Wie konnte ich nur so bescheuerte sein und mich zum Weihnachtsshoppen mit meinen Freundinnen überreden lassen?! Dieser ganze Hype um die Adventszeit und Heiligabend ging mir schon immer auf die Nerven, aber dieses Jahr hatten meine beiden besten Freundinnen es irgendwie geschafft mich zu überzeugen mit ihnen in all den grässlich geschmückten Läden zu bummeln und den frisch aufgebauten Weihnachtsmarkt zu besichtigen.

Nicht, dass dieser sich zu den letzten Jahren groß verändert hätte. Wenn überhaupt waren lediglich ein paar Fressbuden mehr hinzugekommen, doch die Hauptattraktionen, das immergleiche Riesenrad,die Karussells, die Pyramide mit den Königen, Maria, Joseph und dem Christkind und natürlich die Eislauffläche hinter der Kirche, waren gleich geblieben.

Zugegeben, die Eisbahn war vielleicht doch gar nicht so schlecht und auf dem Riesenrad hatte ich mit meinen kleinen Geschwistern schon die ein oder andere Runde zugebracht, aber jetzt mal ehrlich, wir hatten grade mal den Esten Advent, es viel kein Schnee und trotzdem waren alle schon in grässlich, kitschiger Weihnachtslaune.

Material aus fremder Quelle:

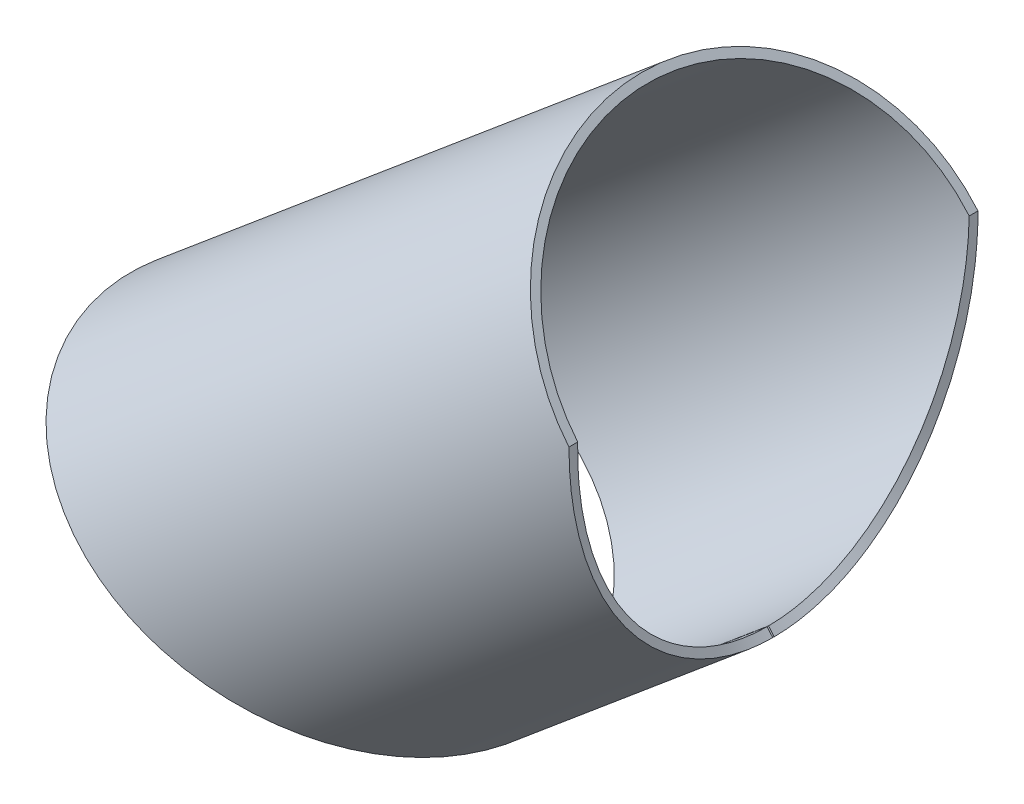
ISO-10303-21;
HEADER;
FILE_DESCRIPTION(('STEP AP214'),'2;1');
FILE_NAME('part.step','',(''),(''),'','','');
FILE_SCHEMA(('AUTOMOTIVE_DESIGN { 1 0 10303 214 1 1 1 1 }'));
ENDSEC;
DATA;
#1=APPLICATION_CONTEXT('core data for automotive mechanical design processes');
#2=APPLICATION_PROTOCOL_DEFINITION('international standard','automotive_design',2000,#1);
#3=PRODUCT_CONTEXT('',#1,'mechanical');
#4=PRODUCT('Part','Part','',(#3));
#5=PRODUCT_RELATED_PRODUCT_CATEGORY('part','',(#4));
#6=PRODUCT_DEFINITION_FORMATION('','',#4);
#7=PRODUCT_DEFINITION_CONTEXT('part definition',#1,'design');
#8=PRODUCT_DEFINITION('design','',#6,#7);
#9=PRODUCT_DEFINITION_SHAPE('','',#8);
#10=(LENGTH_UNIT() NAMED_UNIT(*) SI_UNIT(.MILLI.,.METRE.));
#11=(NAMED_UNIT(*) PLANE_ANGLE_UNIT() SI_UNIT($,.RADIAN.));
#12=(NAMED_UNIT(*) SI_UNIT($,.STERADIAN.) SOLID_ANGLE_UNIT());
#13=UNCERTAINTY_MEASURE_WITH_UNIT(LENGTH_MEASURE(1.E-05),#10,'distance_accuracy_value','');
#14=(GEOMETRIC_REPRESENTATION_CONTEXT(3) GLOBAL_UNCERTAINTY_ASSIGNED_CONTEXT((#13)) GLOBAL_UNIT_ASSIGNED_CONTEXT((#10,
#11,#12)) REPRESENTATION_CONTEXT('',''));
#15=CARTESIAN_POINT('',(0.,0.,0.));
#16=DIRECTION('',(0.,0.,1.));
#17=DIRECTION('',(1.,0.,0.));
#18=AXIS2_PLACEMENT_3D('',#15,#16,#17);
#19=CARTESIAN_POINT('',(3.07902270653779E-13,-1.77861509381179E-12,140.));
#20=CARTESIAN_POINT('',(1.85683479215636E-06,-5.49039366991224,140.));
#21=CARTESIAN_POINT('',(0.000583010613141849,-9.90172563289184,139.817767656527));
#22=CARTESIAN_POINT('',(0.000111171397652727,-14.0668428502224,139.58613576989));
#23=CARTESIAN_POINT('',(2.13054749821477E-05,-14.8324561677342,139.539190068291));
#24=CARTESIAN_POINT('',(-4.0227315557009E-06,-15.8798833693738,139.470757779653));
#25=CARTESIAN_POINT('',(2.64158616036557E-06,-16.2162893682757,139.448025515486));
#26=CARTESIAN_POINT('',(1.13466036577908E-05,-16.893518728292,139.400836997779));
#27=CARTESIAN_POINT('',(1.80352025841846E-05,-17.2300435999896,139.376658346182));
#28=CARTESIAN_POINT('',(5.80948297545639E-05,-18.9022128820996,139.252972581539));
#29=CARTESIAN_POINT('',(0.000108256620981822,-20.2064884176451,139.145094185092));
#30=CARTESIAN_POINT('',(0.00019421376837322,-24.018793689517,138.799491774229));
#31=CARTESIAN_POINT('',(0.000135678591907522,-26.4262665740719,138.539882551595));
#32=CARTESIAN_POINT('',(2.02363358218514E-05,-29.8365540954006,138.124488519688));
#33=CARTESIAN_POINT('',(-5.28540580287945E-06,-30.9350481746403,137.982333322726));
#34=CARTESIAN_POINT('',(1.23016922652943E-05,-33.08781556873,137.68893904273));
#35=CARTESIAN_POINT('',(3.49511032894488E-05,-34.149256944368,137.536644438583));
#36=CARTESIAN_POINT('',(0.000129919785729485,-39.3816478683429,136.7499900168));
#37=CARTESIAN_POINT('',(-3.39672019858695E-05,-43.3272192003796,136.040536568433));
#38=CARTESIAN_POINT('',(4.53106097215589E-05,-50.743029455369,134.527511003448));
#39=CARTESIAN_POINT('',(0.000125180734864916,-54.3042004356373,133.705193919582));
#40=CARTESIAN_POINT('',(7.31803621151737E-06,-61.1326473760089,131.964080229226));
#41=CARTESIAN_POINT('',(2.38468288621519E-05,-64.3915850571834,131.048378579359));
#42=CARTESIAN_POINT('',(8.49270899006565E-05,-70.7238852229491,129.118516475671));
#43=CARTESIAN_POINT('',(2.22634716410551E-05,-73.7851309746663,128.107030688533));
#44=CARTESIAN_POINT('',(-1.61438421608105E-05,-79.6981395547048,126.011282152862));
#45=CARTESIAN_POINT('',(5.5777360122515E-05,-82.565249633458,124.921691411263));
#46=CARTESIAN_POINT('',(5.06891241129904E-05,-88.13723615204,122.667315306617));
#47=CARTESIAN_POINT('',(-4.85760378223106E-05,-90.8353025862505,121.505392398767));
#48=CARTESIAN_POINT('',(0.000158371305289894,-98.7077564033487,117.916566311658));
#49=CARTESIAN_POINT('',(0.000694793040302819,-103.68377957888,115.375016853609));
#50=CARTESIAN_POINT('',(0.000465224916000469,-110.737450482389,111.395048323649));
#51=CARTESIAN_POINT('',(0.000271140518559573,-113.020345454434,110.040411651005));
#52=CARTESIAN_POINT('',(-1.54977345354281E-05,-117.449879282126,107.283967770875));
#53=CARTESIAN_POINT('',(3.05396666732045E-05,-119.593603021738,105.884125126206));
#54=CARTESIAN_POINT('',(0.000242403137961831,-125.846393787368,101.609887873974));
#55=CARTESIAN_POINT('',(-7.21690423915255E-05,-129.775587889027,98.6619580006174));
#56=CARTESIAN_POINT('',(-6.28331457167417E-05,-137.190646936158,92.5879129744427));
#57=CARTESIAN_POINT('',(-0.000107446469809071,-140.673974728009,89.4632478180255));
#58=CARTESIAN_POINT('',(0.000114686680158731,-147.192715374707,83.0809797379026));
#59=CARTESIAN_POINT('',(7.87745460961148E-05,-150.235057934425,79.8169953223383));
#60=CARTESIAN_POINT('',(-1.55030916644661E-05,-155.891229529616,73.1756736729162));
#61=CARTESIAN_POINT('',(0.000163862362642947,-158.506290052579,69.7972483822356));
#62=CARTESIAN_POINT('',(9.49863725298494E-05,-163.330386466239,62.9331393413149));
#63=CARTESIAN_POINT('',(-1.22569471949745E-05,-165.535099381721,59.4536600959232));
#64=CARTESIAN_POINT('',(0.000388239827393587,-169.548715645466,52.3970649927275));
#65=CARTESIAN_POINT('',(0.000590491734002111,-171.355824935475,48.8223358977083));
#66=CARTESIAN_POINT('',(0.00038882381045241,-176.177085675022,37.9998671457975));
#67=CARTESIAN_POINT('',(7.13998823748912E-05,-178.587670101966,30.6660153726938));
#68=CARTESIAN_POINT('',(2.06223540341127E-05,-181.029833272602,19.565155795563));
#69=CARTESIAN_POINT('',(1.91361180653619E-05,-181.647448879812,15.8503616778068));
#70=CARTESIAN_POINT('',(8.49178696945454E-06,-182.281327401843,10.2659410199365));
#71=CARTESIAN_POINT('',(5.25766876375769E-06,-182.443800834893,8.40295371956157));
#72=CARTESIAN_POINT('',(1.72148908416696E-06,-182.614515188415,5.60582829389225));
#73=CARTESIAN_POINT('',(-2.1680595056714E-05,-182.659105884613,4.6785986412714));
#74=CARTESIAN_POINT('',(2.15051033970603E-05,-182.700128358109,3.5003905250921));
#75=CARTESIAN_POINT('',(2.90802351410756E-05,-182.707594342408,3.26365723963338));
#76=CARTESIAN_POINT('',(2.09575639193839E-05,-182.721024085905,2.78801264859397));
#77=CARTESIAN_POINT('',(-5.70349815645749E-05,-182.726892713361,2.55651241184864));
#78=CARTESIAN_POINT('',(0.000160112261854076,-182.742994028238,1.79861246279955));
#79=CARTESIAN_POINT('',(0.000950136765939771,-182.751806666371,1.19731795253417));
#80=CARTESIAN_POINT('',(-1.19045398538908E-12,-182.75585496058,0.499999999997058));
#81=CARTESIAN_POINT('',(2.68133087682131E-13,-1.72393246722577E-12,134.));
#82=CARTESIAN_POINT('',(-0.115861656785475,-5.35229278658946,134.));
#83=CARTESIAN_POINT('',(-0.20838365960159,-9.65268885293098,133.825577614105));
#84=CARTESIAN_POINT('',(-0.296743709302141,-13.7130649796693,133.603872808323));
#85=CARTESIAN_POINT('',(-0.31298873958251,-14.4594253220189,133.558939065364));
#86=CARTESIAN_POINT('',(-0.335117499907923,-15.4805106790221,133.493439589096));
#87=CARTESIAN_POINT('',(-0.342210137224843,-15.808456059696,133.471681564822));
#88=CARTESIAN_POINT('',(-0.356493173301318,-16.4686531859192,133.42651541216));
#89=CARTESIAN_POINT('',(-0.363588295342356,-16.7967144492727,133.403372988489));
#90=CARTESIAN_POINT('',(-0.398836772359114,-18.4268284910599,133.284988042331));
#91=CARTESIAN_POINT('',(-0.426311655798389,-19.6983009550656,133.181733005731));
#92=CARTESIAN_POINT('',(-0.506678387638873,-23.4147264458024,132.850942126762));
#93=CARTESIAN_POINT('',(-0.557540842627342,-25.7616535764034,132.602459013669));
#94=CARTESIAN_POINT('',(-0.629621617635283,-29.0861761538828,132.20486758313));
#95=CARTESIAN_POINT('',(-0.652828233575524,-30.1570440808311,132.068804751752));
#96=CARTESIAN_POINT('',(-0.698240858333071,-32.2556698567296,131.787984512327));
#97=CARTESIAN_POINT('',(-0.720618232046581,-33.2904159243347,131.642216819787));
#98=CARTESIAN_POINT('',(-0.830944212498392,-38.3912122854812,130.889276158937));
#99=CARTESIAN_POINT('',(-0.914368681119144,-42.2375575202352,130.210227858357));
#100=CARTESIAN_POINT('',(-1.07078682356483,-49.4668614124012,128.762046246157));
#101=CARTESIAN_POINT('',(-1.14585984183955,-52.9384686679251,127.974971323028));
#102=CARTESIAN_POINT('',(-1.2900764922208,-59.5951853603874,126.30847679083));
#103=CARTESIAN_POINT('',(-1.35883369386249,-62.7721617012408,125.432019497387));
#104=CARTESIAN_POINT('',(-1.49240437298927,-68.9452057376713,123.584865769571));
#105=CARTESIAN_POINT('',(-1.55706746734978,-71.9294636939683,122.61672937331));
#106=CARTESIAN_POINT('',(-1.68188755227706,-77.693763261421,120.610798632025));
#107=CARTESIAN_POINT('',(-1.74232159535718,-80.4887651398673,119.567904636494));
#108=CARTESIAN_POINT('',(-1.85991235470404,-85.9206185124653,117.410144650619));
#109=CARTESIAN_POINT('',(-1.91694722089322,-88.5508317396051,116.29801843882));
#110=CARTESIAN_POINT('',(-2.08287651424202,-96.2252920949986,112.862999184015));
#111=CARTESIAN_POINT('',(-2.18735872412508,-101.07615893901,110.430373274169));
#112=CARTESIAN_POINT('',(-2.33643800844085,-107.952437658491,106.620974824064));
#113=CARTESIAN_POINT('',(-2.38480464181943,-110.177922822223,105.324394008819));
#114=CARTESIAN_POINT('',(-2.47856275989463,-114.496061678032,102.686083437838));
#115=CARTESIAN_POINT('',(-2.52375658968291,-116.585870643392,101.346234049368));
#116=CARTESIAN_POINT('',(-2.65550126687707,-122.681401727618,97.2551783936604));
#117=CARTESIAN_POINT('',(-2.73872814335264,-126.511784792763,94.4335883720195));
#118=CARTESIAN_POINT('',(-2.89519913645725,-133.740357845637,88.6198595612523));
#119=CARTESIAN_POINT('',(-2.96875170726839,-137.136082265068,85.6291086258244));
#120=CARTESIAN_POINT('',(-3.10609864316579,-143.490874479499,79.5203663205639));
#121=CARTESIAN_POINT('',(-3.17033654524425,-146.456704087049,76.396266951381));
#122=CARTESIAN_POINT('',(-3.28979147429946,-151.970627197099,70.0395733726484));
#123=CARTESIAN_POINT('',(-3.34480096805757,-154.519916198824,66.8059377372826));
#124=CARTESIAN_POINT('',(-3.44667164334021,-159.222689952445,60.2360047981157));
#125=CARTESIAN_POINT('',(-3.49330309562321,-161.371957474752,56.9056460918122));
#126=CARTESIAN_POINT('',(-3.57760912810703,-165.284624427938,50.1514764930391));
#127=CARTESIAN_POINT('',(-3.6155459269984,-167.04628136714,46.7299500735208));
#128=CARTESIAN_POINT('',(-3.71748720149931,-171.746293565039,36.3713014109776));
#129=CARTESIAN_POINT('',(-3.76866962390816,-174.096259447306,29.351757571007));
#130=CARTESIAN_POINT('',(-3.82025652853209,-176.477004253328,18.7266491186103));
#131=CARTESIAN_POINT('',(-3.8332915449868,-177.079087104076,15.1710604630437));
#132=CARTESIAN_POINT('',(-3.84667875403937,-177.697024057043,9.82597211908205));
#133=CARTESIAN_POINT('',(-3.85011061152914,-177.855411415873,8.04282713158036));
#134=CARTESIAN_POINT('',(-3.85371667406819,-178.021832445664,5.36557850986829));
#135=CARTESIAN_POINT('',(-3.8546806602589,-178.065302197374,4.47808727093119));
#136=CARTESIAN_POINT('',(-3.85550393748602,-178.105292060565,3.35037378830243));
#137=CARTESIAN_POINT('',(-3.85565405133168,-178.112570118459,3.12378621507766));
#138=CARTESIAN_POINT('',(-3.85594543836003,-178.12566228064,2.66852639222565));
#139=CARTESIAN_POINT('',(-3.85614589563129,-178.13138496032,2.44694759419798));
#140=CARTESIAN_POINT('',(-3.85627237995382,-178.147076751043,1.72152907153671));
#141=CARTESIAN_POINT('',(-3.85568231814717,-178.155651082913,1.14600432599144));
#142=CARTESIAN_POINT('',(-3.85670106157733,-178.159617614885,0.478571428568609));
#143=B_SPLINE_SURFACE_WITH_KNOTS('',1,3,((#19,#20,#21,#22,#23,#24,#25,#26,#27,#28,#29,#30,#31,
#32,#33,#34,#35,#36,#37,#38,#39,#40,#41,#42,#43,#44,#45,#46,#47,#48,#49,#50,#51,#52,#53,#54,#55,
#56,#57,#58,#59,#60,#61,#62,#63,#64,#65,#66,#67,#68,#69,#70,#71,#72,#73,#74,#75,#76,#77,#78,#79,
#80),(#81,#82,#83,#84,#85,#86,#87,#88,#89,#90,#91,#92,#93,#94,#95,#96,#97,#98,#99,#100,#101,
#102,#103,#104,#105,#106,#107,#108,#109,#110,#111,#112,#113,#114,#115,#116,#117,#118,#119,#120,
#121,#122,#123,#124,#125,#126,#127,#128,#129,#130,#131,#132,#133,#134,#135,#136,#137,#138,#139,
#140,#141,#142)),.UNSPECIFIED.,.F.,.F.,.F.,(2,2),(4,2,2,2,2,2,2,2,2,2,2,2,2,2,2,2,2,2,2,2,2,2,2,
2,2,2,2,2,2,2,4),(0.,1.),(0.,0.015625,0.01953125,0.021484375,0.0234375,0.03125,0.046875,
0.0546875,0.0625,0.09375,0.125,0.15625,0.1875,0.21875,0.25,0.3125,0.34375,0.375,0.4375,0.5,
0.5625,0.625,0.6875,0.75,0.875,0.9375,0.96875,0.984375,0.98828125,0.9921875,1.),.UNSPECIFIED.);
#144=CARTESIAN_POINT('',(-1.19045398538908E-12,-182.75585496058,0.499999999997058));
#145=CARTESIAN_POINT('',(-3.85670106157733,-178.159617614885,0.478571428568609));
#146=B_SPLINE_CURVE_WITH_KNOTS('',1,(#144,#145),.UNSPECIFIED.,.F.,.F.,(2,2),(0.,1.),.UNSPECIFIED.);
#147=CARTESIAN_POINT('',(-3.85670106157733,-178.159617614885,0.478571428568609));
#148=VERTEX_POINT('',#147);
#149=CARTESIAN_POINT('',(-1.19348975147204E-12,-182.75585496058,0.499999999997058));
#150=VERTEX_POINT('',#149);
#151=EDGE_CURVE('E13',#148,#150,#146,.F.);
#152=CARTESIAN_POINT('',(-3.85670106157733,-178.159617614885,0.478571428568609));
#153=CARTESIAN_POINT('',(-3.85568231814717,-178.155651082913,1.14600432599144));
#154=CARTESIAN_POINT('',(-3.85627237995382,-178.147076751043,1.72152907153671));
#155=CARTESIAN_POINT('',(-3.85614589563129,-178.13138496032,2.44694759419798));
#156=CARTESIAN_POINT('',(-3.85594543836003,-178.12566228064,2.66852639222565));
#157=CARTESIAN_POINT('',(-3.85565405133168,-178.112570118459,3.12378621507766));
#158=CARTESIAN_POINT('',(-3.85550393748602,-178.105292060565,3.35037378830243));
#159=CARTESIAN_POINT('',(-3.8546806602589,-178.065302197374,4.47808727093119));
#160=CARTESIAN_POINT('',(-3.85371667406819,-178.021832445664,5.36557850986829));
#161=CARTESIAN_POINT('',(-3.85011061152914,-177.855411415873,8.04282713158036));
#162=CARTESIAN_POINT('',(-3.84667875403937,-177.697024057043,9.82597211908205));
#163=CARTESIAN_POINT('',(-3.8332915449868,-177.079087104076,15.1710604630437));
#164=CARTESIAN_POINT('',(-3.82025652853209,-176.477004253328,18.7266491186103));
#165=CARTESIAN_POINT('',(-3.76866962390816,-174.096259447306,29.351757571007));
#166=CARTESIAN_POINT('',(-3.71748720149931,-171.746293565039,36.3713014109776));
#167=CARTESIAN_POINT('',(-3.6155459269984,-167.04628136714,46.7299500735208));
#168=CARTESIAN_POINT('',(-3.57760912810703,-165.284624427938,50.1514764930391));
#169=CARTESIAN_POINT('',(-3.49330309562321,-161.371957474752,56.9056460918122));
#170=CARTESIAN_POINT('',(-3.44667164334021,-159.222689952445,60.2360047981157));
#171=CARTESIAN_POINT('',(-3.34480096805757,-154.519916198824,66.8059377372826));
#172=CARTESIAN_POINT('',(-3.28979147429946,-151.970627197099,70.0395733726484));
#173=CARTESIAN_POINT('',(-3.17033654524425,-146.456704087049,76.396266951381));
#174=CARTESIAN_POINT('',(-3.10609864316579,-143.490874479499,79.5203663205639));
#175=CARTESIAN_POINT('',(-2.96875170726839,-137.136082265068,85.6291086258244));
#176=CARTESIAN_POINT('',(-2.89519913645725,-133.740357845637,88.6198595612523));
#177=CARTESIAN_POINT('',(-2.73872814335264,-126.511784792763,94.4335883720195));
#178=CARTESIAN_POINT('',(-2.65550126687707,-122.681401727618,97.2551783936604));
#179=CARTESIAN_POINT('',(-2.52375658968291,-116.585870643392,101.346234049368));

Und erst diese Krawatten! Wer zu Hölle denkt sich denkt sich den bitte sowas aus?!

„Hey, nicht wegschmeißen! Die hätte deiner Familie sicherlich gefallen!", höre ich Lilly neben mir. Als ich den Kopf wende, sehe ich, dass sie vollbeladen mit allem möglichem und scheinbar auch unmöglichem Kram, wenn ich mir so das glitzernde, blinkende Rentier angucke, ist.

Das kann doch nicht ihr Ernst sein! Nie im Leben, braucht man trällernde Christbaumkugeln oder wild glitzernde Weihnachtssocken! Doch anscheinend sieht der braune Lockenkopf das anders.

Und auch ihre Schwester Lotta tritt jetzt in mein Blickfeld und siehe da: sie ist ebenfalls vollgepackt mit unnötigem Kitsch! Mit dem Unterschied, dass sie obendrein noch eine pinke Wichtelmütze auf ihre Locken gedrückt hat. Halleluja! Wo soll das denn bitte hinführen?!

„Nein, nein, nein! Dieses hässliche Ding von Krawatte bleibt schön hier und ihr werdet mir ganz sicher nichts anderes aufschwatzen!", mache ich meine Meinung zu dem Jingel-Bells-trällernden-Etwas deutlich.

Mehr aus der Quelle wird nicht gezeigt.